In his latest update, Biden said, "Every day we have troops on the ground, these troops, and innocent civilians at the airport, face the risk of attack from ISIS-K from a distance, even though we're moving back the perimeter significantly."

Biden raised the possibility that the U.S. might extend the Aug. 31 deadline for the full removal of U.S. troops, depending on the speed of the evacuations. “Our hope is we will not have to extend.”

On May 8, ISIS-K attacked a school for girls in Kabul and killed at least 68 people, wounding more than than 165, most of them girls, according to a Defense Intelligence Agency assessment cited by the inspector general. A suicide bomber drove a car laden with explosives into the school's gate, and, as the children fled, additional bombs exploded.

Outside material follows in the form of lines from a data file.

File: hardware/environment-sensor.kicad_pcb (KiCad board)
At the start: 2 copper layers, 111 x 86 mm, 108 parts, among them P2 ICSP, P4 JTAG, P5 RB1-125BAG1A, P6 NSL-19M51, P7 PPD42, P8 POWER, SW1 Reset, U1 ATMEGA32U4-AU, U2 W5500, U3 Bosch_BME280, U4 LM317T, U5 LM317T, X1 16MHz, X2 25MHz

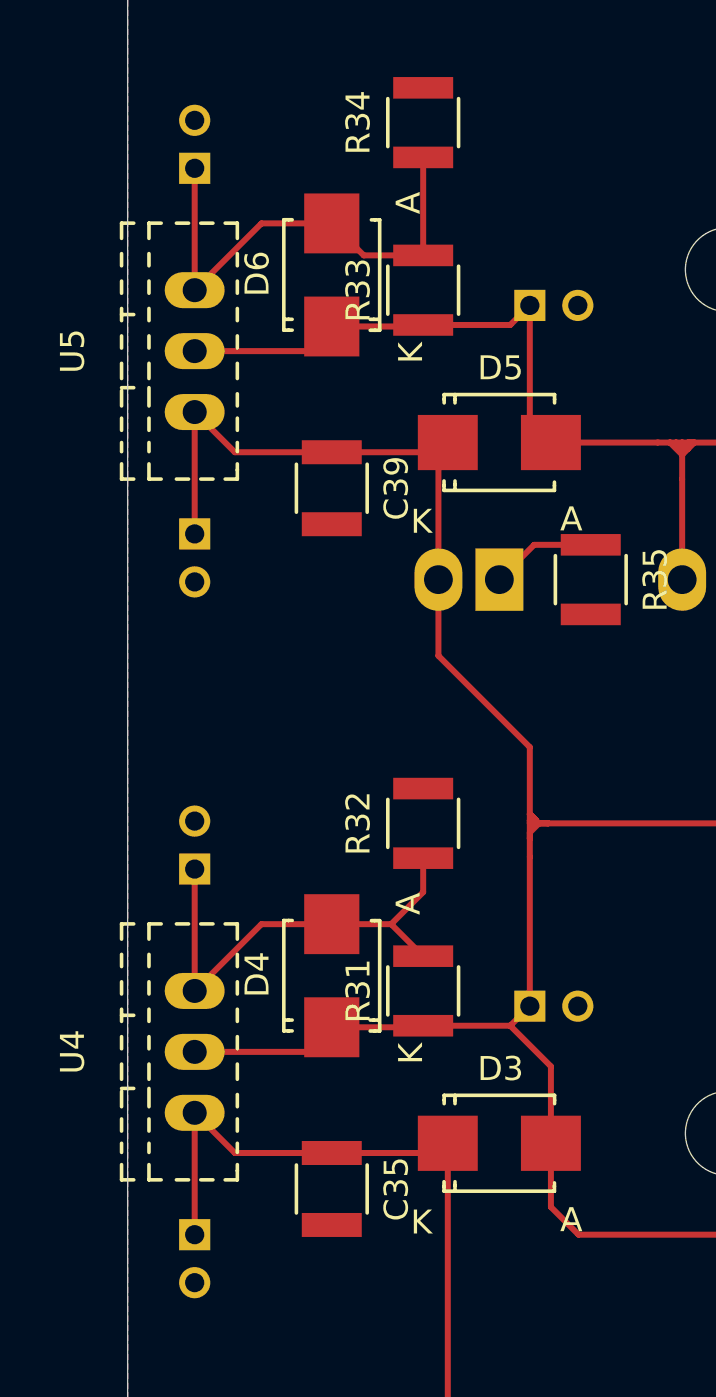
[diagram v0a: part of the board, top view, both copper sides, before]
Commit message: Add planes for regulators
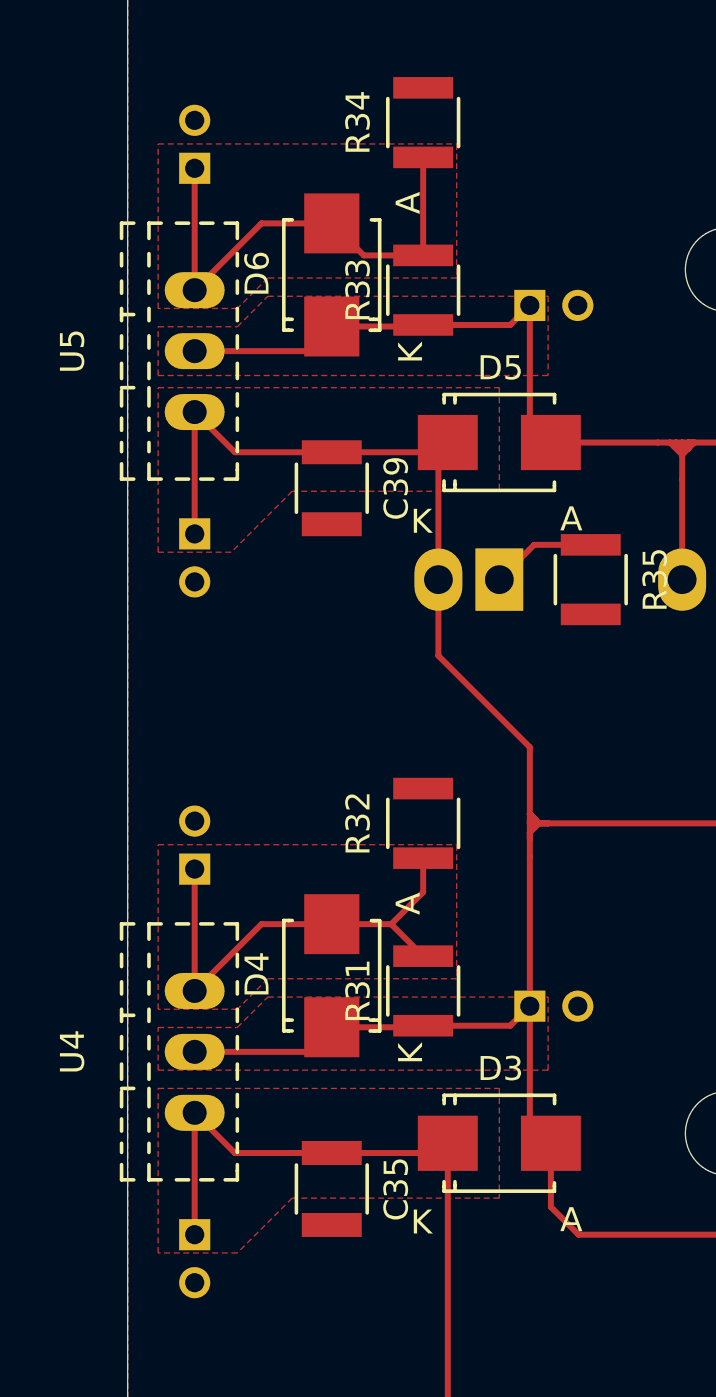
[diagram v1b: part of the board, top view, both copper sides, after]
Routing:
- added copper zone on F.Cu, net /Microcontroller/3V3A
- added copper zone on F.Cu, net /Power Supply/+6V
- added copper zone on F.Cu, net /Power Supply/5VA
- added copper zone on F.Cu, net Net-(C36-Pad1)
- added copper zone on F.Cu, net Net-(C40-Pad1)
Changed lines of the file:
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@@
   (layers
     (0 F.Cu signal)
-    (31 B.Cu signal)
+    (31 B.Cu signal hide)
     (32 B.Adhes user)
     (33 F.Adhes user)
@@
     (last_trace_width 0.25)
     (trace_clearance 0.2)
-    (zone_clearance 0.2)
-    (zone_45_only no)
+    (zone_clearance 0.3)
+    (zone_45_only yes)
     (trace_min 0.2)
     (segment_width 0.2)
@@
   (segment (start 159.004 100.076) (end 159.004 99.822) (width 0.25) (layer B.Cu) (net 16))
   (segment (start 159.586 106.172) (end 159.586 103.124) (width 0.25) (layer B.Cu) (net 16))
+  (segment (start 118.98884 119.38) (end 118.11 118.50116) (width 0.25) (layer F.Cu) (net 17) (status C00000))
+  (segment (start 118.11 118.50116) (end 118.11 113.665) (width 0.25) (layer F.Cu) (net 17) (status C00000))
   (segment (start 104.14 93.98) (end 104.14 88.9) (width 0.25) (layer F.Cu) (net 17))
   (segment (start 109.855 90.575) (end 105.815 90.575) (width 0.25) (layer F.Cu) (net 17))
@@
   (segment (start 118.98884 122.03684) (end 118.98884 119.38) (width 0.25) (layer F.Cu) (net 17))
   (segment (start 120.142 123.19) (end 118.98884 122.03684) (width 0.25) (layer F.Cu) (net 17))
-  (segment (start 117.295 114.48) (end 118.98884 116.17384) (width 0.25) (layer F.Cu) (net 17))
-  (segment (start 118.98884 116.17384) (end 118.98884 119.38) (width 0.25) (layer F.Cu) (net 17))
   (segment (start 113.665 114.48) (end 117.295 114.48) (width 0.25) (layer F.Cu) (net 17))
   (segment (start 117.295 114.48) (end 118.11 113.665) (width 0.25) (layer F.Cu) (net 17))
@@
       )
     )
+  )
+  (zone (net 17) (net_name "/Power Supply/5VA") (layer F.Cu) (hatch edge 0.508)
+    (priority 1)
+    (connect_pads (clearance 0.3))
+    (min_thickness 0.254)
+    (fill (arc_segments 32) (thermal_gap 0.508) (thermal_bridge_width 0.508))
+    (polygon
+      (pts
+        (xy 116.84 92.202) (xy 108.204 92.202) (xy 105.664 94.742) (xy 102.616 94.742) (xy 102.616 87.884)
+        (xy 116.84 87.884)
+      )
+    )
+  )
+  (zone (net 7) (net_name /Microcontroller/3V3A) (layer F.Cu) (hatch edge 0.508)
+    (priority 1)
+    (connect_pads (clearance 0.3))
+    (min_thickness 0.254)
+    (fill (arc_segments 32) (thermal_gap 0.508) (thermal_bridge_width 0.508))
+    (polygon
+      (pts
+        (xy 118.872 87.376) (xy 102.616 87.376) (xy 102.616 85.344) (xy 105.918 85.344) (xy 107.188 84.074)
+        (xy 118.872 84.074)
+      )
+    )
+  )
+  (zone (net 20) (net_name "Net-(C40-Pad1)") (layer F.Cu) (hatch edge 0.508)
+    (priority 1)
+    (connect_pads (clearance 0.3))
+    (min_thickness 0.254)
+    (fill (arc_segments 32) (thermal_gap 0.508) (thermal_bridge_width 0.508))
+    (polygon
+      (pts
+        (xy 115.062 83.312) (xy 107.188 83.312) (xy 105.918 84.582) (xy 102.616 84.582) (xy 102.616 77.724)
+        (xy 115.062 77.724)
+      )
+    )
+  )
+  (zone (net 18) (net_name "/Power Supply/+6V") (layer F.Cu) (hatch edge 0.508)
+    (priority 1)
+    (connect_pads (clearance 0.3))
+    (min_thickness 0.254)
+    (fill (arc_segments 32) (thermal_gap 0.508) (thermal_bridge_width 0.508))
+    (polygon
+      (pts
+        (xy 116.84 121.666) (xy 108.204 121.666) (xy 105.918 123.952) (xy 102.616 123.952) (xy 102.616 117.094)
+        (xy 116.84 117.094)
+      )
+    )
+  )
+  (zone (net 17) (net_name "/Power Supply/5VA") (layer F.Cu) (hatch edge 0.508)
+    (priority 1)
+    (connect_pads (clearance 0.3))
+    (min_thickness 0.254)
+    (fill (arc_segments 32) (thermal_gap 0.508) (thermal_bridge_width 0.508))
+    (polygon
+      (pts
+        (xy 118.872 116.332) (xy 102.616 116.332) (xy 102.616 114.554) (xy 105.918 114.554) (xy 107.188 113.284)
+        (xy 118.872 113.284)
+      )
+    )
+  )
+  (zone (net 19) (net_name "Net-(C36-Pad1)") (layer F.Cu) (hatch edge 0.508)
+    (priority 1)
+    (connect_pads (clearance 0.3))
+    (min_thickness 0.254)
+    (fill (arc_segments 32) (thermal_gap 0.508) (thermal_bridge_width 0.508))
+    (polygon
+      (pts
+        (xy 115.062 112.522) (xy 107.188 112.522) (xy 105.918 113.792) (xy 102.616 113.792) (xy 102.616 106.934)
+        (xy 115.062 106.934)
+      )
+    )

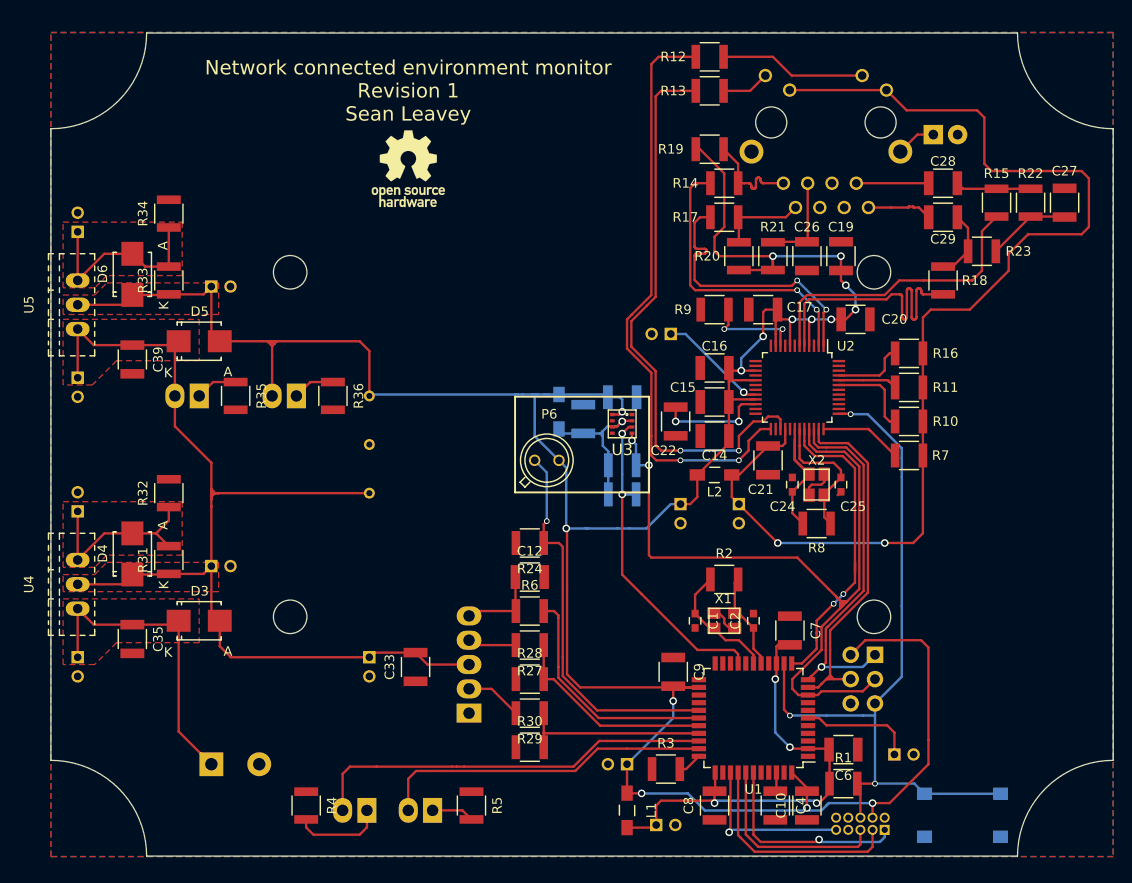
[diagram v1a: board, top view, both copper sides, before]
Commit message: Move labels, replace some SMB diodes with SMA, final tweaks
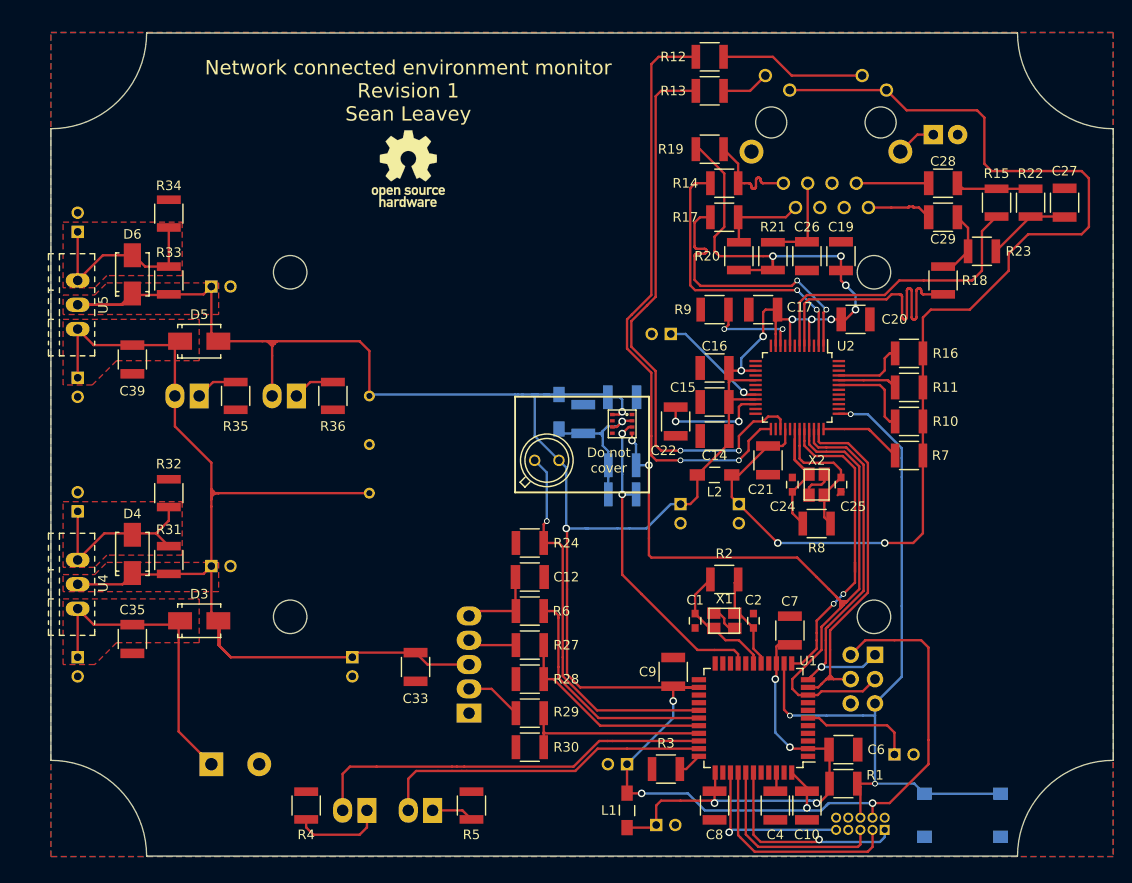
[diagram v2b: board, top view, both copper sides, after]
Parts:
- D3, D4, D5, D6: value S1KB-13-F -> S1B-13-F; footprint Diodes_SMD:SMB_Standard -> Diodes_SMD:SMA_Standard
- moved C32 1.78 mm to (132.8, 123.2)
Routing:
- net /Microcontroller/3V3A: track 309.2 -> 315.4 mm
- net /Power Supply/5VA: track 111.7 -> 116.0 mm
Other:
- board text added: "+6V"
- board text added: "3.3V"
- board text added: "5V"
- board text added: "Black"
- board text added: "Do not cover"
- board text added: "GND"
- board text added: "Green"
- board text added: "ICSP"
- board text added: "JTAG"
- board text added: "PPD42"
- board text added: "RJ45 shield ground"
- board text added: "Red"
- board text added: "Reset"
- board text added: "White"
- board text added: "Yellow"

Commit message: Move LM317 regulator footprints to underside; final tweaks
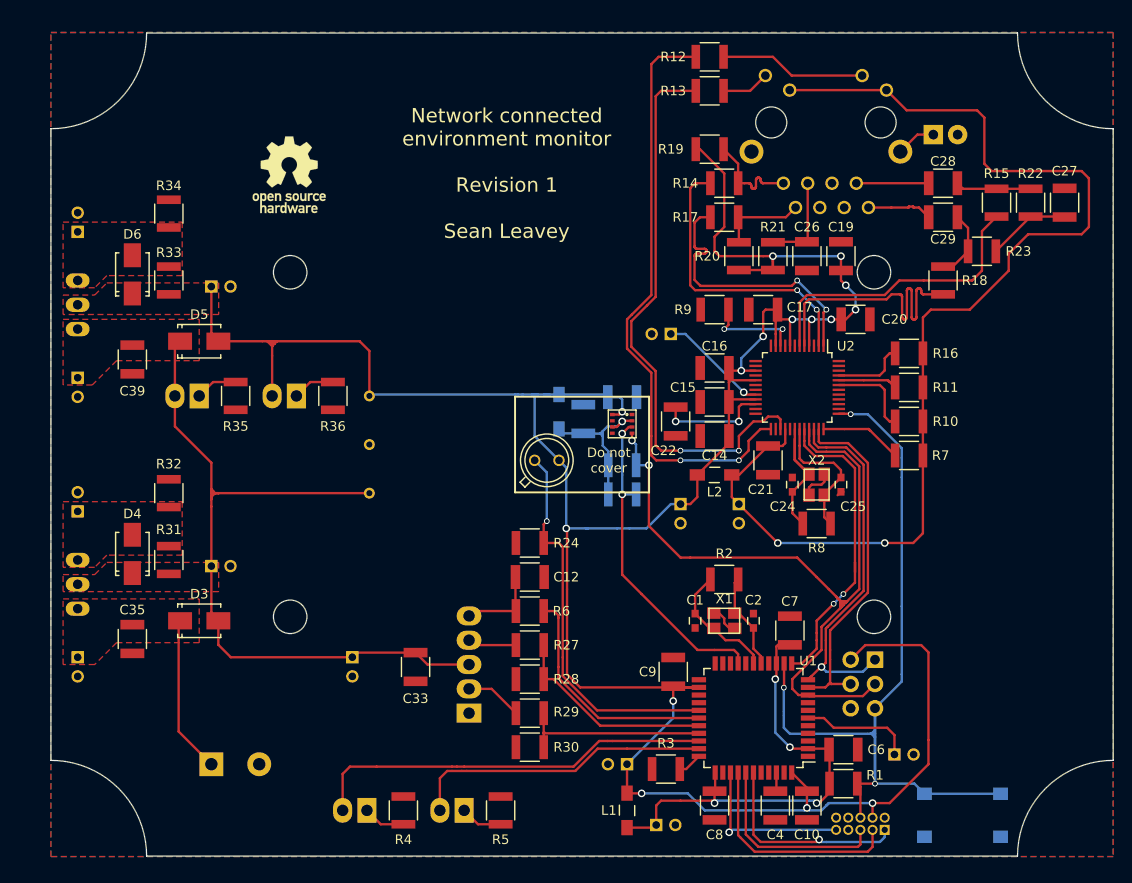
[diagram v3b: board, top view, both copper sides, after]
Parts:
- added REF***: OSHW-Logo_7.5x8mm_SilkScreen, Symbols:OSHW-Logo_7.5x8mm_SilkScreen, B.Cu at (126.2, 72.8)
- U4, U5: footprint TO_SOT_Packages_THT:TO-220_Neutral123_Vertical_MountedFromLS -> TO_SOT_Packages_THT:TO-220_Neutral123_Vertical; moved to B.Cu
- moved REF*** 12.5 mm to (126.2, 72.8)
- moved R4 10.2 mm to (138.2, 139.2)
- moved D2 3.30 mm to (144.5, 139.2)
- moved R5 3.09 mm to (148.3, 139.2)
- moved P2 0.51 mm to (187.5, 123.4)
- turned U4 to 270 degrees
- turned U5 to 270 degrees
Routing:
- net /Power Supply/5VA: track 116.0 -> 81.1 mm
- net /Microcontroller/3V3A: track 315.4 -> 294.1 mm
- net Net-(C40-Pad1): track 20.3 -> 0.00 mm
- net Net-(C36-Pad1): track 19.6 -> 0.00 mm
- net /Power Supply/+6V: track 32.9 -> 17.0 mm
- net /Microcontroller/~RESET: track 78.0 -> 88.3 mm
- net Net-(D1-Pad1): track 9.60 -> 4.41 mm
- net Net-(D2-Pad2): track 35.0 -> 31.7 mm
- net /Microcontroller/SCLK: track 84.2 -> 82.3 mm
- net /Microcontroller/MOSI: track 37.5 -> 37.0 mm
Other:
- board text added: "1"
- board text added: "3.3V On"
- board text added: "5V On"
- board text added: "Status 1"
- board text added: "Status 2"

The school was for the Hazara, a Shiite Muslim ethnic minority targeted by the Sunni ISIS-K. In May 2020, ISIS-K attacked a Hazara maternity clinic, killing 24 mothers, newborns and a health care provider.

Before the withdrawal of U.S. troops, negotiated by former President Donald Trump and accelerated by Biden, U.S. military commanders sought to annihilate ISIS-K. Army Gen. Joseph Votel, former head of U.S. Central Command, declared that ISIS-K terrorists were "not reconcilable." In 2017, the Pentagon unleashed the largest conventional bomb in the U.S. arsenal, the Massive Ordnance Air Blast, also known as the Mother of All Bombs, on an ISIS-K stronghold. The explosion killed an estimated 96 fighters.

Evidence of the group's fanaticism, according to intelligence gathered two years ago, showed that ISIS-K fighters stranded in mountain passes survived on a small supply of pine nuts, the intelligence official said. They preferred starving to profiting from the lucrative trade in opium, he said.

London, the former CIA counterterrorism official, said ISIS-K developed in Afghanistan and parts of Pakistan. Its members are a cross section of tribes including Mehsudis, Waziris and Pashtuns from the cross-border area in the northeast quadrant.

“That's where the heart of it is been. Those folks, really they don't really see themselves as Afghans, nor do they really see themselves as Pakistanis," London said.

A lot of ISIS-K members came up through the ranks of Pakistani extremist groups like Tehrik-E Taliban (TTP) and Lashkar-e-Jhangvi (LJ), which was involved in the 2002 kidnap and murder of Wall Street Journal reporter Daniel Pearl, according to London. But he said others defected from the Taliban because they favored its more extreme and militant ideology.